25 Octobre 2017 , Rédigé par CC Publié dans #Christianisme

A la chapelle cet après-midi, il y avait une cérémonie en l'honneur de Sainte Rita de Cascia (que l'on fête pourtant le 22 mai au sein de l'Eglise catholique romaine). J'y assistai en me répétant cependant que ce culte n'est guère "biblique", comme le disent les protestants, mais ceux ci se trompent souvent sur la licéité des oeuvres, par exemple quand ils prétendent que la Bible ne vante pas les pouvoirs des reliques.

Admettre qu'une sainte peut nous aider sans verser dans le paganisme est chose difficile, mais c'est le mystère de l'intercession. Le curé d'Ars ne dut-il point tout à l'intercession de Sainte Philomène, une sainte dont l'Eglise dut même remettre en cause l'existence à sa mort ? Et n'est-ce point ce curé qui m'a incité à Lourdes à confier à un prêtre mes péchés de l'été avant le 15 août dernier ? Dira-t-on que le curé d'Ars était diabolique parce qu'une sainte l'aidait ?

La voie de l'intercession de saints est chose bien étrange mais difficile à rejeter malgré tout. Je ne sais pas si Sainte Perpétue m'a aidé en janvier 2014, mais je ne puis douter, ainsi que je l'ai raconté dans mn livre sur les médiums, que Ste Madeleine me sauva d'une malédiction en 2015. Ce sont là des manifestations du divin qu'il est inutile de chercher à comprendre.

Pourquoi Ste Rita intercèderait-elle mieux auprès du Seigneur que Ste Marguerite de Cortone vers qui Dieu m'orienta cet été ? Je ne sais pas.

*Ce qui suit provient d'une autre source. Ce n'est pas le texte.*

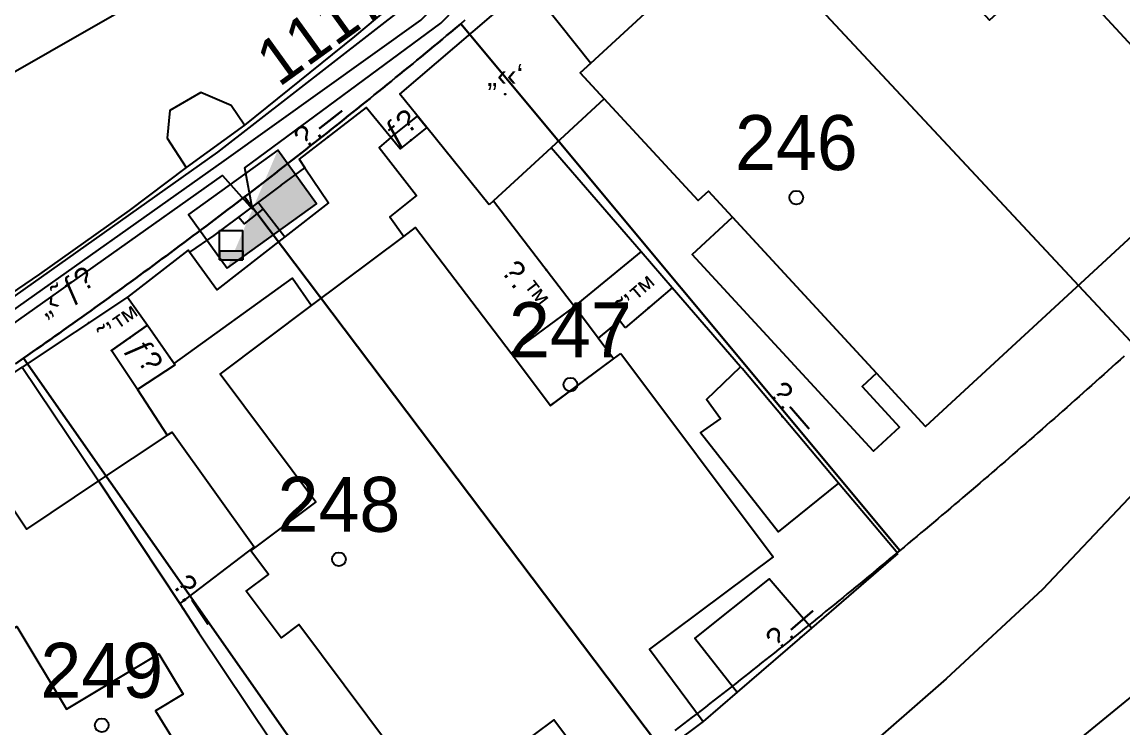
# Model space of a CAD drawing. Header units: metres. Extents: x 218299 to 220222, y 572714 to 574340.
# Drawn here: x 219178.63 to 219218.68, y 573235 to 573260.69 of the extents above; entities that cross this region are included whole.
import ezdxf
from ezdxf.enums import TextEntityAlignment as Align

# ---------------------------------------------------------------- set-up
doc = ezdxf.new("R2010")
doc.units = ezdxf.units.M
doc.header["$MEASUREMENT"] = 0
for name, color, linetype in [('1601', 44, 'LANDBORDER'), ('1602', 44, 'Continuous'), ('1603', 44, 'Continuous'), ('6011', 10, 'Continuous'), ('6091', 102, 'CABLEUNDEXIST03'), ('6151', 102, 'CABLEUNDEXIST03'), ('6261', 7, 'Continuous'), ('A_POINTS', 2, 'Continuous'), ('M2200', 253, 'Continuous'), ('M2207', 253, 'Continuous'), ('M2401', 7, 'Continuous'), ('M2404', 7, 'Continuous'), ('M2407', 253, 'Continuous'), ('M2408', 253, 'Continuous'), ('M2412', 253, 'Continuous'), ('M2420', 253, 'Continuous'), ('M2601', 253, 'Continuous'), ('M2602', 253, 'Continuous'), ('M2605', 253, 'Continuous'), ('M2612', 253, 'Continuous'), ('M5235', 253, 'Continuous')]:
    doc.layers.add(name, color=color, linetype=linetype)
doc.styles.add('HEBTXT', font='HEBTXT')
doc.styles.add('MAVAT_HEBTXT', font='HEBTXT')
doc.linetypes.add('CABLEUNDEXIST03', pattern='A,3.5,[222,elecad.shx,S=0.01,R=0,X=0,Y=0],1.5', length=5)
doc.linetypes.add('LANDBORDER', pattern='A,6.25,[208,elecad.shx,S=0.02,R=0,X=-0.6,Y=0],12.5,[208,elecad.shx,S=0.02,R=180,X=0.6,Y=0],6.25', length=25)

# ---------------------------------------------------------------- blocks, each defined once
blk = doc.blocks.new('6261')
blk.add_lwpolyline([(-2, -1.2), (2, -1.2), (2, 1.2), (-2, 1.2)], close=True)
at = {"color": 0}
blk.add_solid([(2, 1.2), (-2, -1.2), (2, -1.2)], dxfattribs=at)
at = {"color": 0, "style": 'HEBTXT'}
blk.add_attdef('PIL_NAME', (2.688568017509152, 2.417755627569382), '', height=1.7, dxfattribs=at)
at = {"style": 'HEBTXT'}
blk.add_attdef('CAMUT_MONIM', (2.488568017509152, 0.2177556275693817), '', height=1.7, dxfattribs=at)
at = {"color": 0, "style": 'HEBTXT', "flags": 1}
for tag, p in [('TYPE', (2.58533228874601, -1.772579475561686)), ('MAP_TYPE', (2.688568017509152, -3.782244372430618))]:
    blk.add_attdef(tag, p, '', height=1.7, dxfattribs=at)
blk = doc.blocks.new('1603')
at = {"layer": 'A_POINTS'}
blk.add_circle((0, 0), 0.25, dxfattribs=at)
at = {"color": 0, "style": 'HEBTXT'}
blk.add_attdef('PARCEL_NUM', text='', height=2, dxfattribs=at).set_placement((0, 1), align=Align.CENTER)
at = {"color": 0, "style": 'HEBTXT', "flags": 1}
blk.add_attdef('LOT_NUM', text='', height=2, dxfattribs=at).set_placement((0, -2.5), align=Align.CENTER)
blk = doc.blocks.new('M2407')
blk.add_circle((0, 0), 0.025)
at = {"style": 'MAVAT_HEBTXT'}
blk.add_attdef('NAME', text='', height=0.8, dxfattribs=at).set_placement((0, 1.591630788044704), align=Align.MIDDLE)
blk = doc.blocks.new('M2408')
blk.add_circle((0, 0), 0.025)
at = {"style": 'MAVAT_HEBTXT'}
blk.add_attdef('NAME', text='', height=0.8, dxfattribs=at).set_placement((0, 1.591630788044704), align=Align.MIDDLE)
blk = doc.blocks.new('M2605')
blk.add_circle((0, 0), 0.025)
at = {"style": 'MAVAT_HEBTXT'}
blk.add_attdef('NAME', text='', height=0.8, dxfattribs=at).set_placement((0, 1.591630788044704), align=Align.MIDDLE)
blk = doc.blocks.new('M2612')
blk.add_circle((0, 0), 0.025)
at = {"style": 'MAVAT_HEBTXT'}
blk.add_attdef('NAME', text='', height=0.8, dxfattribs=at).set_placement((0, 1.591630788044704), align=Align.MIDDLE)
blk = doc.blocks.new('M2207')
blk.add_circle((0, 0), 0.025)
at = {"style": 'MAVAT_HEBTXT'}
blk.add_attdef('NAME', text='', height=0.8, dxfattribs=at).set_placement((0, 1.591630788044704), align=Align.MIDDLE)
blk = doc.blocks.new('M2412')
blk.add_circle((0, 0), 0.025)
at = {"style": 'MAVAT_HEBTXT'}
blk.add_attdef('NAME', text='', height=0.8, dxfattribs=at).set_placement((0, 1.591630788044704), align=Align.MIDDLE)
blk = doc.blocks.new('*U89')
at = {"linetype": 'Continuous'}
for p, q in [((-0.8450513537189609, 0), (-0.8450513537189609, -0.6631567257351563)), ((0.8450513537189609, 0), (0.8450513537189609, -0.6631567257351563))]:
    blk.add_line(p, q, dxfattribs=at)
blk.add_solid([(-0.8450513537189609, 0), (-0.8450513537189609, -0.6631567257351563), (0.8450513537189609, -0.6631567257351563)], dxfattribs=at)
at = {"linetype": 'Continuous', "extrusion": (0, 0, -1)}
blk.add_solid([(0.8450513537189609, 0), (-0.8450513537189609, 0), (-0.8450513537189609, -0.6631567257351563)], dxfattribs=at)
blk = doc.blocks.new('M5235')
for points in [[(-0.8450513537189612, 1.470762385895316), (0.8450513537189609, 1.470762385895316)], [(-0.8450513537189609, -0.6631567257351564), (-0.8450513537189612, 1.470762385895316)], [(0.8450513537189609, -0.6631567257351564), (0.8450513537189609, 1.470762385895316)], [(-0.8450513537189609, 0), (0.8450513537189609, 0)], [(-0.8450513537189609, -0.6631567257351563), (0.8450513537189609, -0.6631567257351563)]]:
    blk.add_lwpolyline(points)
at = {"linetype": 'Continuous'}
blk.add_blockref('*U89', (0, 0), dxfattribs=at)
at = {"style": 'MAVAT_HEBTXT', "flags": 1}
for tag, p in [('MARK', (-4.440892098500626e-16, 2.720762385895316)), ('HEIGHT', (0, -1.915474258684847)), ('NAME', (0, -4.483303580135179))]:
    blk.add_attdef(tag, text='', height=0.8, dxfattribs=at).set_placement(p, align=Align.MIDDLE)
blk = doc.blocks.new('111')
at = {"layer": 'M2200'}
for points in [[(219222.4533691001, 573256.085068352, 584.4596460786231), (219211.4973107572, 573245.9748773499, 584.4596460786231), (219209.7129838226, 573247.9084896815, 583.7007357906057), (219204.4736808807, 573253.5861379767, 581.4723544174285), (219203.597380298, 573254.5357540926, 581.099646078623), (219203.2247991233, 573254.1919382126, 580.859646078623), (219199.8118350781, 573257.8904472906, 581.0505732629839), (219198.9346223546, 573258.8410518613, 581.099646078623), (219198.9346223546, 573258.8410518613, 581.099646078623), (219199.3209913076, 573259.1975910282, 581.1099528257239), (219204.9307612903, 573264.374256234, 581.2595985983884), (219207.9315005951, 573267.1433221311, 581.339646078623), (219208.4498902171, 573266.5815615332, 581.6140421821659), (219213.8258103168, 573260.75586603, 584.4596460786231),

Est-ce parce que le Seigneur, en plantant une épine sur son front, a indiqué aux fidèles qu'il la disposait mieux à nous aider que la nouvelle Ste Madeleine italienne ?

Je serais de toute façon enclin, comme les jansénistes et les calvinistes, à croire en la prédestination, et penser que le plan de Dieu pour moi (comme pour chacun) depuis l'origine des temps compte plus que la question de savoir si je me tourne vers Ste Rita ou vers Ste Marguerite de Cortone, ou si j'achète deux roses à bénir ou rester chez moi à écouter un prédicateur.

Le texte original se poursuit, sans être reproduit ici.